DATA FOR PROCESSING below:

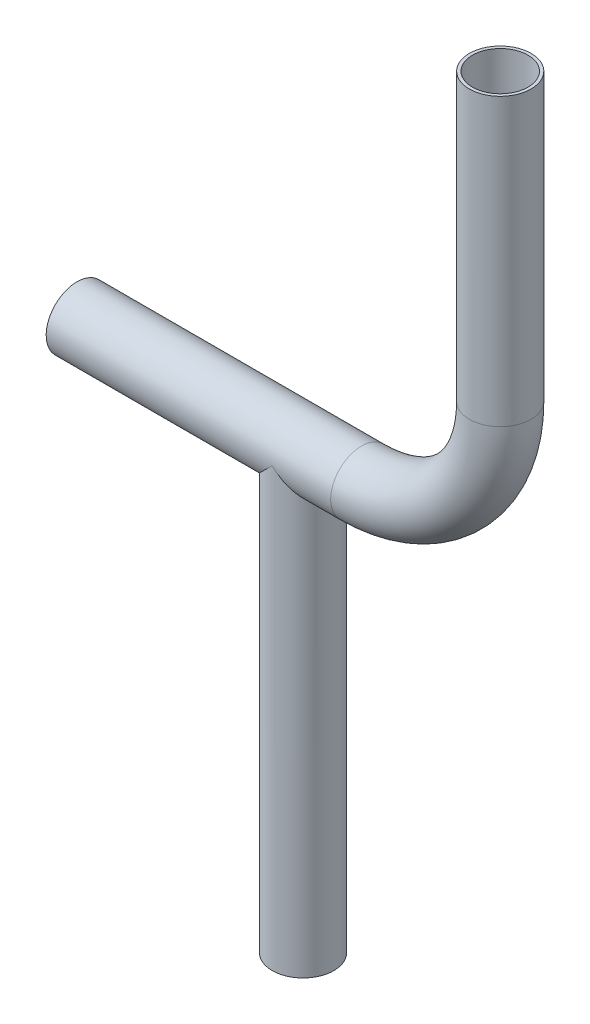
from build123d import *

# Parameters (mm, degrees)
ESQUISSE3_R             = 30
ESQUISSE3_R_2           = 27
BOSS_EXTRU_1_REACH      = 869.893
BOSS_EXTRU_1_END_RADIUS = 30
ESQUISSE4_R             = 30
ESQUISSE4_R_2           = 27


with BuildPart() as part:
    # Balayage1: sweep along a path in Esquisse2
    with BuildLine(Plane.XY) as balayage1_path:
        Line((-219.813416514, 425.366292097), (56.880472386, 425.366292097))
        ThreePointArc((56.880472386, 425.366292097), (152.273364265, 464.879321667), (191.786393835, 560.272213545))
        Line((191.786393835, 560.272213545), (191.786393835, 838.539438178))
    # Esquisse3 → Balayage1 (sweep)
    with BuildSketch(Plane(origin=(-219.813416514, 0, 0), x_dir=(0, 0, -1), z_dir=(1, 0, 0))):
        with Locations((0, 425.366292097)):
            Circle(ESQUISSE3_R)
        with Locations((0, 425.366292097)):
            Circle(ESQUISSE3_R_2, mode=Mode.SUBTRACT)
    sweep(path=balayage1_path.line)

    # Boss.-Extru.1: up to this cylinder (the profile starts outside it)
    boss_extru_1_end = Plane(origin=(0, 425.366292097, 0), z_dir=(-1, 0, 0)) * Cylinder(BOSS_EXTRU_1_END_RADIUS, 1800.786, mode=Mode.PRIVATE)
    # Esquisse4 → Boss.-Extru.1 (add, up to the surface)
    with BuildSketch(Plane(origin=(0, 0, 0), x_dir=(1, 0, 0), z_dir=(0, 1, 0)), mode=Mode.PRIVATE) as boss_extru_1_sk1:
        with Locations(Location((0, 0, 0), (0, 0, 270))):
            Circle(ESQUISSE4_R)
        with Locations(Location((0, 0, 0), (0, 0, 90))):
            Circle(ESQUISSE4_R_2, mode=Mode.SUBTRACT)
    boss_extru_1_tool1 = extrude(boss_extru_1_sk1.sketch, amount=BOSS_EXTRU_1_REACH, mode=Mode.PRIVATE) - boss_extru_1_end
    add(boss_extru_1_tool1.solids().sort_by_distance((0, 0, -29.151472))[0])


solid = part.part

End of DATA FOR PROCESSING.

WORK INSTRUCTION: Only the lines from the one containing "BOSS_EXTRU_1_END_RADIUS = 30" through the end of the material should be reproduced, exactly, with both ends included.

SOLUTION FOR THIS EXERCISE:
BOSS_EXTRU_1_END_RADIUS = 30
ESQUISSE4_R             = 30
ESQUISSE4_R_2           = 27


with BuildPart() as part:
    # Balayage1: sweep along a path in Esquisse2
    with BuildLine(Plane.XY) as balayage1_path:
        Line((-219.813416514, 425.366292097), (56.880472386, 425.366292097))
        ThreePointArc((56.880472386, 425.366292097), (152.273364265, 464.879321667), (191.786393835, 560.272213545))
        Line((191.786393835, 560.272213545), (191.786393835, 838.539438178))
    # Esquisse3 → Balayage1 (sweep)
    with BuildSketch(Plane(origin=(-219.813416514, 0, 0), x_dir=(0, 0, -1), z_dir=(1, 0, 0))):
        with Locations((0, 425.366292097)):
            Circle(ESQUISSE3_R)
        with Locations((0, 425.366292097)):
            Circle(ESQUISSE3_R_2, mode=Mode.SUBTRACT)
    sweep(path=balayage1_path.line)

    # Boss.-Extru.1: up to this cylinder (the profile starts outside it)
    boss_extru_1_end = Plane(origin=(0, 425.366292097, 0), z_dir=(-1, 0, 0)) * Cylinder(BOSS_EXTRU_1_END_RADIUS, 1800.786, mode=Mode.PRIVATE)
    # Esquisse4 → Boss.-Extru.1 (add, up to the surface)
    with BuildSketch(Plane(origin=(0, 0, 0), x_dir=(1, 0, 0), z_dir=(0, 1, 0)), mode=Mode.PRIVATE) as boss_extru_1_sk1:
        with Locations(Location((0, 0, 0), (0, 0, 270))):
            Circle(ESQUISSE4_R)
        with Locations(Location((0, 0, 0), (0, 0, 90))):
            Circle(ESQUISSE4_R_2, mode=Mode.SUBTRACT)
    boss_extru_1_tool1 = extrude(boss_extru_1_sk1.sketch, amount=BOSS_EXTRU_1_REACH, mode=Mode.PRIVATE) - boss_extru_1_end
    add(boss_extru_1_tool1.solids().sort_by_distance((0, 0, -29.151472))[0])


solid = part.part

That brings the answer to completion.